### [Directions]
Word for word, restate the records that come next, omitting the images.
┌─ Supplied material
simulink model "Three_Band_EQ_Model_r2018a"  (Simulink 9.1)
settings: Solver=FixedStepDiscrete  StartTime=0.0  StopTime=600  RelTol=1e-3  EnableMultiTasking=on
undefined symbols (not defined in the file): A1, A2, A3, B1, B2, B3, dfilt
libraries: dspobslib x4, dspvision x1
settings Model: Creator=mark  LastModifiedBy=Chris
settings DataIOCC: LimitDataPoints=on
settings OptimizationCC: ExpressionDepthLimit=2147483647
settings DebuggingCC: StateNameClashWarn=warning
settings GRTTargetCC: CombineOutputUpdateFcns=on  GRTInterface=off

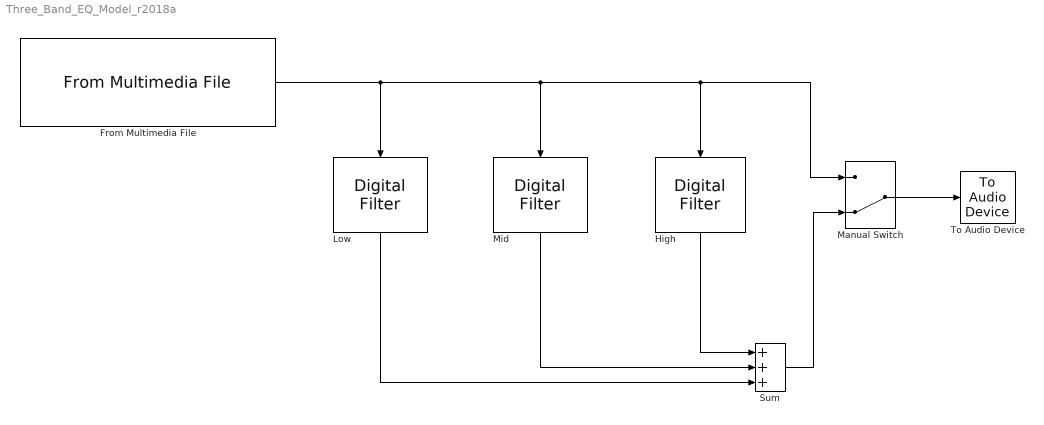
== system Three_Band_EQ_Model_r2018a ==
  From Multimedia File : dspvision/From Multimedia File  inputFilename=msmv2.wav  loop=on  numPlays=inf  outputStreams=Audio only  videoDataType=single  audioDataType=double  inheritSampleTime=on  userDefinedSampleTime=1/30  noAudioOutput=off  isIntensityVideo=off  fourcc=RGB  colorVideoFormat=Separate color signals  outputEOF=off  dataOrg=Column-major  audioFrameSize=1024  computeAudioFrameSize=off  outSamplingMode=Frame based
  "High  " : dspobslib/Digital Filter  TypePopup=IIR (poles & zeros)  IIRFiltStruct=Direct form II transposed  AllPoleFiltStruct=Direct form  FIRFiltStruct=Direct form  CoeffSource=Specify via dialog  NumCoeffs=[B3]  DenCoeffs=[A3]  BiQuadCoeffs=[1 0.3 0.4 1 0.1 0.2]  LatticeCoeffs=[0.2 0.4]  denIgnore=on  FiltPerSampPopup=One filter per frame  IC=0  ICnum=0  ICden=0  roundingMode=Floor  overflowMode=off  ScaleValues=1  scaleValueFracLength=14  stageInFracLength=15  stageOutFracLength=15  FilterSource=Specify via dialog  dfiltObjectName=dfilt.dffir([1 2 1])  InputProcessing=Columns as channels (frame based)
      settings: SourceProductBaseCode=DS
  "Low  " : dspobslib/Digital Filter  TypePopup=IIR (poles & zeros)  IIRFiltStruct=Direct form II transposed  AllPoleFiltStruct=Direct form  FIRFiltStruct=Direct form  CoeffSource=Specify via dialog  NumCoeffs=[B1 ]  DenCoeffs=[A1]  BiQuadCoeffs=[1 0.3 0.4 1 0.1 0.2]  LatticeCoeffs=[0.2 0.4]  denIgnore=on  FiltPerSampPopup=One filter per frame  IC=0  ICnum=0  ICden=0  roundingMode=Floor  overflowMode=off  ScaleValues=1  scaleValueFracLength=14  stageInFracLength=15  stageOutFracLength=15  FilterSource=Specify via dialog  dfiltObjectName=dfilt.dffir([1 2 1])  InputProcessing=Columns as channels (frame based)
      settings: SourceProductBaseCode=DS
  Manual Switch : ManualSwitch  CurrentSetting=0
  "Mid  " : dspobslib/Digital Filter  TypePopup=IIR (poles & zeros)  IIRFiltStruct=Direct form II transposed  AllPoleFiltStruct=Direct form  FIRFiltStruct=Direct form  CoeffSource=Specify via dialog  NumCoeffs=[B2]  DenCoeffs=[A2]  BiQuadCoeffs=[1 0.3 0.4 1 0.1 0.2]  LatticeCoeffs=[0.2 0.4]  denIgnore=on  FiltPerSampPopup=One filter per frame  IC=0  ICnum=0  ICden=0  roundingMode=Floor  overflowMode=off  ScaleValues=1  scaleValueFracLength=14  stageInFracLength=15  stageOutFracLength=15  FilterSource=Specify via dialog  dfiltObjectName=dfilt.dffir([1 2 1])  InputProcessing=Columns as channels (frame based)
      settings: SourceProductBaseCode=DS
  Sum : Sum  Inputs=+++
  To Audio Device : dspobslib/To Audio Device  deviceName=Built-in Output  inheritSampleRate=on  sampleRate=44100  deviceDatatype=Determine from input data type  autoBufferSize=on  bufferSize=4096  queueDuration=1.0  defaultOutputChannelMapping=on  outputChannelMapping=1:2  outputNumUnderrunSamples=off
      settings: SourceProductBaseCode=DS
  wires:
  Manual Switch/1 -> To Audio Device/1
  Sum/1 -> Manual Switch/2
  From Multimedia File/1 -> "Low  "/1, "Mid  "/1, Manual Switch/1, "High  "/1
  "Mid  "/1 -> Sum/2
  "Low  "/1 -> Sum/3
  "High  "/1 -> Sum/1
└─
### [Answer space]
simulink model "Three_Band_EQ_Model_r2018a"  (Simulink 9.1)
settings: Solver=FixedStepDiscrete  StartTime=0.0  StopTime=600  RelTol=1e-3  EnableMultiTasking=on
undefined symbols (not defined in the file): A1, A2, A3, B1, B2, B3, dfilt
libraries: dspobslib x4, dspvision x1
settings Model: Creator=mark  LastModifiedBy=Chris
settings DataIOCC: LimitDataPoints=on
settings OptimizationCC: ExpressionDepthLimit=2147483647
settings DebuggingCC: StateNameClashWarn=warning
settings GRTTargetCC: CombineOutputUpdateFcns=on  GRTInterface=off

== system Three_Band_EQ_Model_r2018a ==
  From Multimedia File : dspvision/From Multimedia File  inputFilename=msmv2.wav  loop=on  numPlays=inf  outputStreams=Audio only  videoDataType=single  audioDataType=double  inheritSampleTime=on  userDefinedSampleTime=1/30  noAudioOutput=off  isIntensityVideo=off  fourcc=RGB  colorVideoFormat=Separate color signals  outputEOF=off  dataOrg=Column-major  audioFrameSize=1024  computeAudioFrameSize=off  outSamplingMode=Frame based
  "High  " : dspobslib/Digital Filter  TypePopup=IIR (poles & zeros)  IIRFiltStruct=Direct form II transposed  AllPoleFiltStruct=Direct form  FIRFiltStruct=Direct form  CoeffSource=Specify via dialog  NumCoeffs=[B3]  DenCoeffs=[A3]  BiQuadCoeffs=[1 0.3 0.4 1 0.1 0.2]  LatticeCoeffs=[0.2 0.4]  denIgnore=on  FiltPerSampPopup=One filter per frame  IC=0  ICnum=0  ICden=0  roundingMode=Floor  overflowMode=off  ScaleValues=1  scaleValueFracLength=14  stageInFracLength=15  stageOutFracLength=15  FilterSource=Specify via dialog  dfiltObjectName=dfilt.dffir([1 2 1])  InputProcessing=Columns as channels (frame based)
      settings: SourceProductBaseCode=DS
  "Low  " : dspobslib/Digital Filter  TypePopup=IIR (poles & zeros)  IIRFiltStruct=Direct form II transposed  AllPoleFiltStruct=Direct form  FIRFiltStruct=Direct form  CoeffSource=Specify via dialog  NumCoeffs=[B1 ]  DenCoeffs=[A1]  BiQuadCoeffs=[1 0.3 0.4 1 0.1 0.2]  LatticeCoeffs=[0.2 0.4]  denIgnore=on  FiltPerSampPopup=One filter per frame  IC=0  ICnum=0  ICden=0  roundingMode=Floor  overflowMode=off  ScaleValues=1  scaleValueFracLength=14  stageInFracLength=15  stageOutFracLength=15  FilterSource=Specify via dialog  dfiltObjectName=dfilt.dffir([1 2 1])  InputProcessing=Columns as channels (frame based)
      settings: SourceProductBaseCode=DS
  Manual Switch : ManualSwitch  CurrentSetting=0
  "Mid  " : dspobslib/Digital Filter  TypePopup=IIR (poles & zeros)  IIRFiltStruct=Direct form II transposed  AllPoleFiltStruct=Direct form  FIRFiltStruct=Direct form  CoeffSource=Specify via dialog  NumCoeffs=[B2]  DenCoeffs=[A2]  BiQuadCoeffs=[1 0.3 0.4 1 0.1 0.2]  LatticeCoeffs=[0.2 0.4]  denIgnore=on  FiltPerSampPopup=One filter per frame  IC=0  ICnum=0  ICden=0  roundingMode=Floor  overflowMode=off  ScaleValues=1  scaleValueFracLength=14  stageInFracLength=15  stageOutFracLength=15  FilterSource=Specify via dialog  dfiltObjectName=dfilt.dffir([1 2 1])  InputProcessing=Columns as channels (frame based)
      settings: SourceProductBaseCode=DS
  Sum : Sum  Inputs=+++
  To Audio Device : dspobslib/To Audio Device  deviceName=Built-in Output  inheritSampleRate=on  sampleRate=44100  deviceDatatype=Determine from input data type  autoBufferSize=on  bufferSize=4096  queueDuration=1.0  defaultOutputChannelMapping=on  outputChannelMapping=1:2  outputNumUnderrunSamples=off
      settings: SourceProductBaseCode=DS
  wires:
  Manual Switch/1 -> To Audio Device/1
  Sum/1 -> Manual Switch/2
  From Multimedia File/1 -> "Low  "/1, "Mid  "/1, Manual Switch/1, "High  "/1
  "Mid  "/1 -> Sum/2
  "Low  "/1 -> Sum/3
  "High  "/1 -> Sum/1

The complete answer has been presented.